Abstract. For simple examples, Dafny's automatic induction is powerful enough to prove some lemmas without manual input and helps reduce the manual input required to prove others. This note explains how automatic induction is applied and how the two main knobs are used to adjust what the automation does.
Dafny not only supports manually written lemmas, but also provides some automation that assists in proving lemmas by induction [0]. Let's start with variations of a manual proof, then see how automatic induction provides or fails to provide a proof, and finally how to adjust what automation does.
Consider the following standard definition of recursively defined lists
along with a Length
function and a function that constructs a list of
increasing integers.
datatype List<A> = Nil | Cons(A, List<A>)
function method Length(list: List): nat {
match list
case Nil => 0
case Cons(_, tail) => 1 + Length(tail)
}
function method Range(start: int, len: nat): List<int>
decreases len
{
if len == 0 then Nil else Cons(start, Range(start+1, len-1))
}
With these definitions, let's set out to prove that
the length of the list Range(start, len)
is len
.
So, we're going to prove that the length of the list Range(start, len)
is len
. We start with a manual proof. To be sure that automatic induction
does not help us along in this first example, I have marked with lemmas
with the attribute {:induction false}
.
lemma {:induction false} RangeLength(start: nat, len: nat)
ensures Length(Range(start, len)) == len
decreases len
{
if len == 0 {
// trivial
} else {
calc {
Length(Range(start, len));
== // def. Range, since len > 0
Length(Cons(start, Range(start+1, len-1)));
== // def. Length on Cons
1 + Length(Range(start+1, len-1));
== { RangeLength(start+1, len-1); } // apply induction hypothesis
1 + len - 1;
== // arithmetic
len;
}
}
}
For the purpose of this note, I assume you have a basic understanding of how to write proof like this manually, either in Dafny or on paper. I will describe the elements of the proof here, but won't try to explain all possible considerations.
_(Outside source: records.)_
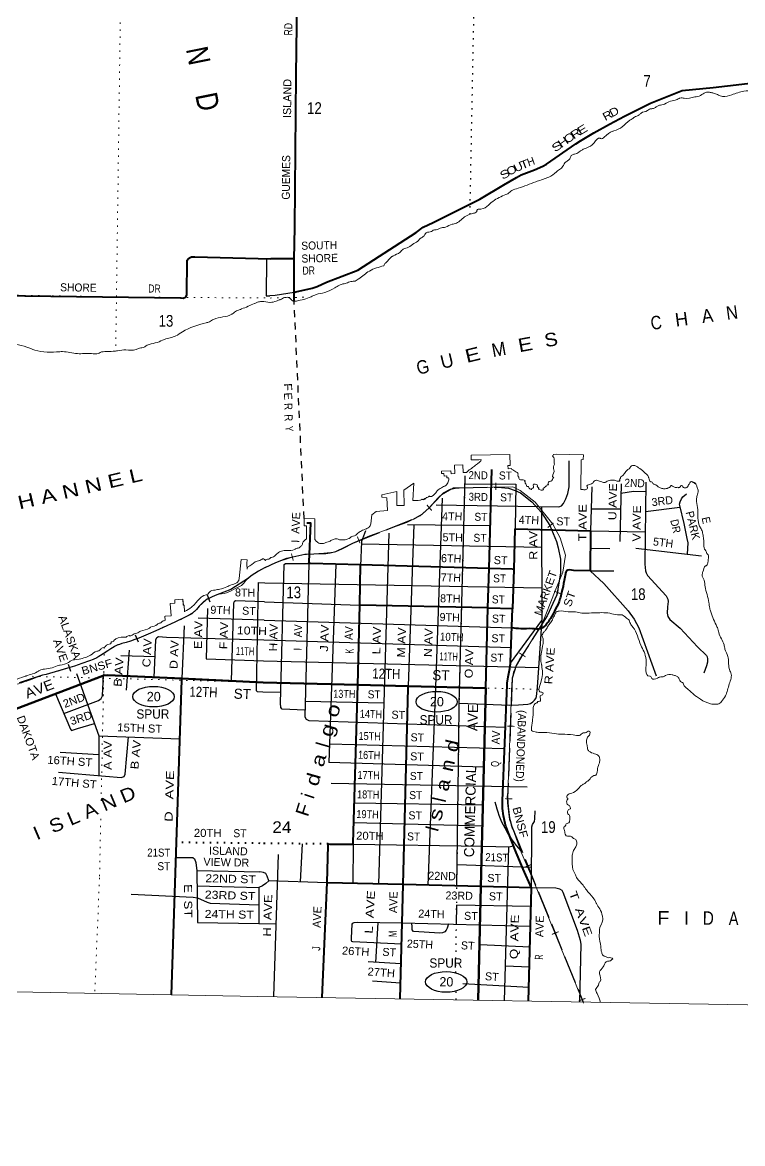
# Model space of a CAD drawing. Header units: feet. Extents: x -489137 to -242534, y 368785 to 558127.
# Drawn here: x -400959 to -390164, y 368785 to 385596 of the extents above; entities that cross this region are included whole.
import ezdxf
from ezdxf.enums import TextEntityAlignment as Align

# ---------------------------------------------------------------- set-up
doc = ezdxf.new("R2010")
doc.units = ezdxf.units.FT
doc.header["$LTSCALE"] = 70
for name, pattern in [('DOTTED', [1.5, 0.3, -1.2]), ('LONG_DASHED', [7.5, 6, -1.5]), ('MEDIUM_DASHED', [4.5, 3, -1.5]), ('SHORT_DASHED', [2.7, 1.5, -1.2])]:
    doc.linetypes.add(name, pattern=pattern)
for name, color, linetype, lineweight in [('17', 7, 'Continuous', 25), ('23', 7, 'Continuous', 70), ('26', 7, 'Continuous', 40), ('27', 7, 'Continuous', 13), ('29', 7, 'Continuous', 25), ('33', 7, 'LONG_DASHED', 25), ('34', 7, 'Continuous', 25), ('39', 7, 'Continuous', 13), ('4', 7, 'Continuous', 13), ('53', 7, 'MEDIUM_DASHED', 40), ('6', 7, 'DOTTED', 25), ('63', 7, 'Continuous', 25), ('7', 7, 'DOTTED', 13)]:
    doc.layers.add(name, color=color, linetype=linetype, lineweight=lineweight)
for name, color, linetype in [('30', 7, 'Continuous'), ('41', 7, 'Continuous'), ('42', 7, 'Continuous'), ('54', 7, 'Continuous')]:
    doc.layers.add(name, color=color, linetype=linetype)

msp = doc.modelspace()

# ---------------------------------------------------------------- linework, layer by layer
at = {"layer": '17'}
for centre in [(-398993.92, 375486.25), (-394749.52, 375410), (-394607.24, 371209.15)]:
    msp.add_ellipse(centre, major_axis=(-309.24, 1), ratio=0.500121, dxfattribs=at)
at = {"layer": '23'}
for p, q in [((-397350.41, 375700.06), (-398569.08, 375756.73)), ((-395932.68, 375663.37), (-397350.41, 375700.06)), ((-395176.31, 375643.53), (-395932.68, 375663.37)), ((-394014.68, 375613.07), (-395176.31, 375643.53)), ((-394127.59, 370934.18), (-394085.82, 372637.88))]:
    msp.add_line(p, q, dxfattribs=at)
for points in [[(-405087.48, 373771.14), (-399752.8, 375796.96), (-399743.14, 375804.25), (-399677.95, 375807.79), (-398569.08, 375756.73)], [(-394085.82, 372637.88), (-394013.04, 375613.03), (-394014.68, 375613.07)]]:
    msp.add_lwpolyline(points, dxfattribs=at)
at = {"layer": '26'}
for p, q in [((-396887.51, 382049.97), (-397236.83, 382051.59)), ((-396886.05, 381411.97), (-396885.99, 381547.83)), ((-393964.27, 377405.58), (-393922.4, 378894.1)), ((-393980.81, 376817.39), (-393964.27, 377405.58)), ((-395932.68, 375663.37), (-395899.06, 376859.88)), ((-393980.81, 376817.39), (-395898.43, 376860.09)), ((-394014.68, 375613.07), (-393980.81, 376817.39)), ((-396465.79, 370975.77), (-396391.29, 372698.87)), ((-395298.87, 370954.94), (-395254.1, 372667.76)), ((-393323.29, 372618.37), (-394085.82, 372637.88)), ((-393371.32, 370920.77), (-393329.46, 372615.47))]:
    msp.add_line(p, q, dxfattribs=at)
for points in [[(-396885.99, 381547.83), (-396885.78, 382039.82), (-396876.06, 382526.34), (-396856.05, 384804.21), (-396813.51, 387808.68), (-396775.42, 389421.36)], [(-396885.99, 381547.83), (-396860.99, 381554.27), (-396613.89, 381612.71), (-396542.11, 381636.48), (-396399.12, 381699.2), (-395929.94, 381882.2), (-395056.59, 382445.92), (-394951.45, 382525.83), (-394800.1, 382598.42), (-394100.28, 382946.75), (-393743.13, 383163.14), (-393552.23, 383273.07), (-393483.02, 383310), (-393280.86, 383386.72), (-393160.03, 383439.25), (-393100.95, 383470.63), (-392664.62, 383775.72), (-392592.49, 383822.4), (-392394.09, 383942.42), (-392158.77, 384071.67), (-391934.63, 384191.88), (-391543.77, 384387.13), (-391068.4, 384574), (-390603.03, 384621.75), (-389874.34, 384706.68)], [(-402098.53, 381511.76), (-398587.23, 381464.34), (-398549.76, 381463.83), (-398537.23, 381465.72), (-398533.99, 381466.83), (-398527.44, 381469.86), (-398521.24, 381473.55), (-398515.47, 381477.87), (-398510.17, 381482.78), (-398507.08, 381486.31), (-398493.11, 381511.99), (-398492.84, 381536.31), (-398487.64, 382005.25), (-398487.36, 382030.26), (-398468.35, 382055.25), (-398460.78, 382061.81), (-398452.26, 382067.74), (-398443.17, 382072.76), (-398433.6, 382076.8), (-398423.66, 382079.81), (-398413.47, 382081.77), (-398403.12, 382082.66), (-398392.74, 382082.45), (-398382.43, 382081.17), (-398376.26, 382079.86), (-397236.83, 382051.59)], [(-395900.11, 376860.93), (-395891.49, 377460.88), (-396638.55, 377484.3), (-396663.46, 377485.08), (-396662.41, 377508.05), (-396635.94, 378087.23), (-396694.43, 378088.84)], [(-393589.63, 377394.83), (-393570.35, 378003.76), (-392441.82, 377974.62)], [(-392441.82, 377974.62), (-392446.02, 377373.24), (-392698.08, 377380.37)], [(-393589.63, 377394.83), (-393617.41, 377395.63), (-393964.27, 377405.58), (-395889.78, 377460.79)], [(-393980.81, 376817.39), (-393608.18, 376809.09), (-393589.63, 377394.83)], [(-393691.98, 375662.43), (-393690.64, 375688.73), (-393679.14, 375786.02), (-393663.19, 375856.59), (-393657.62, 375881.25), (-393653.37, 375906.59), (-393645.8, 375951.74), (-393643.02, 375976.88), (-393642.04, 376001.74), (-393610.13, 376808.57)], [(-398725.85, 371016.19), (-398569.68, 375738.69), (-398569.08, 375756.73)], [(-396392.98, 372698.29), (-396377.65, 373252.3), (-396376.96, 373277.3), (-396352.32, 373277.07), (-396024.88, 373274.03), (-395999.82, 373273.8), (-395999.18, 373296.79), (-395932.68, 375663.37)], [(-395254.1, 372667.76), (-395177.05, 375615.16), (-395176.31, 375643.53)], [(-393327.4, 372618.6), (-393454.6, 372901.85), (-393543.54, 373115.78), (-393558.23, 373148.43), (-393569.44, 373173.37), (-393579.02, 373198.43), (-393711.34, 373544.63), (-393724.17, 373587.01), (-393749.06, 373697.78), (-393762.23, 373810.54), (-393763.55, 373924.06), (-393693.73, 375662.41)], [(-394085.82, 372637.88), (-395254.1, 372667.76), (-396391.35, 372696.85)]]:
    msp.add_lwpolyline(points, dxfattribs=at)
msp.add_spline([(-392698.08, 377380.37), (-392801.29, 377371.24), (-392819.55, 377327.55), (-392837.44, 377227.3), (-392876.8, 377044.71), (-392901.85, 376951.62), (-393044.98, 376659.82), (-393091.49, 376586.43), (-393192.2, 376505.68), (-393314.23, 376505.52), (-393489.84, 376504.46), (-393622.77, 376519.91)], degree=3, dxfattribs=at)
at = {"layer": '29'}
for p, q in [((-392422.38, 378630.5), (-392441.82, 377974.62)), ((-391985.64, 378679.29), (-392003.21, 377810.93)), ((-393176.03, 378335.19), (-393171.37, 376517.27)), ((-392432.08, 378303.28), (-391993.29, 378301.03)), ((-391104.36, 378320.56), (-391616.9, 378259.06)), ((-395465.08, 377939.28), (-395623.24, 372677.2)), ((-395188.88, 378069.96), (-393946.05, 378053.16)), ((-395090.06, 378068.62), (-395176.31, 375643.53)), ((-392441.82, 377974.62), (-391620.64, 377960.01)), ((-393174.46, 377723.2), (-395880.15, 377770.46)), ((-392443.63, 377715.08), (-392151.01, 377707.83)), ((-391764.51, 377715.02), (-390779.71, 377598.3)), ((-396262.67, 377472.52), (-396367.4, 374499.42)), ((-392446.02, 377373.24), (-392091.65, 377372.69)), ((-397423.21, 377199.42), (-397323.73, 377191.93)), ((-397323.73, 377191.93), (-393172.91, 377118.25)), ((-397328.77, 376910.36), (-395899.06, 376859.88)), ((-397333.75, 376631.57), (-398327.14, 376662.96)), ((-397333.75, 376631.57), (-393617.25, 376519.27)), ((-393642.5, 375990.13), (-393171.66, 376630.73)), ((-398532.83, 376547.26), (-398569.08, 375756.73)), ((-397339.03, 376336.23), (-393633.17, 376225.89)), ((-399484.21, 376102.19), (-398970.46, 376089.11)), ((-399398.88, 375581.43), (-399354.24, 376182.89)), ((-397344.59, 376025.62), (-393217.88, 375925.43)), ((-397352.93, 375559.01), (-397095.17, 375554.92)), ((-396720.13, 375416.88), (-395541.53, 375395.82)), ((-399811.42, 374899.85), (-398598.95, 374853.45)), ((-396357.5, 374780.39), (-393731.98, 374710.05)), ((-400394.77, 374654.12), (-399813.91, 374617)), ((-394042, 374429.29), (-396367.4, 374499.42)), ((-396333.1, 374191.11), (-393392.72, 374132.59)), ((-395982.44, 373892.59), (-394055.81, 373864.78)), ((-395990.68, 373599.14), (-394063.52, 373549.45)), ((-396768.03, 373281.1), (-396794.62, 372710.04)), ((-395999.82, 373273.8), (-396007.34, 372687.03)), ((-395999.82, 373273.8), (-394056.88, 373243.71)), ((-393732.93, 370927.18), (-393669.02, 373232.35)), ((-397124.89, 373121.16), (-397195.54, 370988.8)), ((-398342.95, 372880.9), (-397401.23, 372859.01)), ((-393325.77, 372923.31), (-394440.16, 372965.32)), ((-396391.35, 372696.85), (-397264.77, 372725.41)), ((-397415.07, 372084.26), (-397159.45, 372078.08)), ((-395662.58, 371502.85), (-395626.95, 372101.5)), ((-395267.33, 372097.39), (-393343.58, 372043.85)), ((-393351.37, 371728.37), (-394097.97, 371764.95)), ((-395285.16, 371479.48), (-395773.92, 371509.74)), ((-393358.78, 371428.6), (-393718.51, 371447.47)), ((-395709.35, 371225.4), (-395292.58, 371195.46)), ((-394358.47, 371185.2), (-393366.14, 371130.49))]:
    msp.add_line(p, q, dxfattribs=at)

The lemma is called RangeLength
and is parameterized by start
and len
,
just like the Range
function is. The property that the lemma proves is
stated in the ensures
clause. It is also called the proof goal.
The signature part of the lemma also defines
a decreases
clause, which says that the expression len
is to be used as the
termination metric for any recursive calls of the lemma. This termination
metric is the same as the one of the Range
function. This is common, because
the structure of a proof typically follows the structure of a function in
the lemma's proof goal.
The body of the lemma is divided up into two cases, following the cases in
the definition of Range
. The first case is len == 0
and gives rise to a
very simple proof: when len == 0
, Range
returns Nil
whose length is 0
.
The other case makes use of a verified calculation, commonly known as
a calc
statement [1]. This calculation starts with
the expression Length(Range(start, len))
and uses equality-preserving
transformations to arrive at len
, which is exactly what the proof goal says
the lemma has to prove. The first two steps of the calculation apply the
definitions of Range
and Length
to rewrite the expression into a form
where we see the expression
Length(Range(start+1, len-1))
This is where the one interesting step of the proof takes place. We want to
replace this expression with len - 1
, which requires a justification that
the expression indeed equals len - 1
. With the right parameterization,
this is exactly what the lemma we're trying to prove says. Therefore,
we use a calc
-statement hint and call the lemma:
RangeLength(start+1, len-1);
Because this is a recursive call to the lemma we're trying to prove, we
must prove termination. A recursive call to a lemma is commonly known as
an application of the induction hypothesis. In that way, our termination
check corresponds to making sure that the induction is well-founded.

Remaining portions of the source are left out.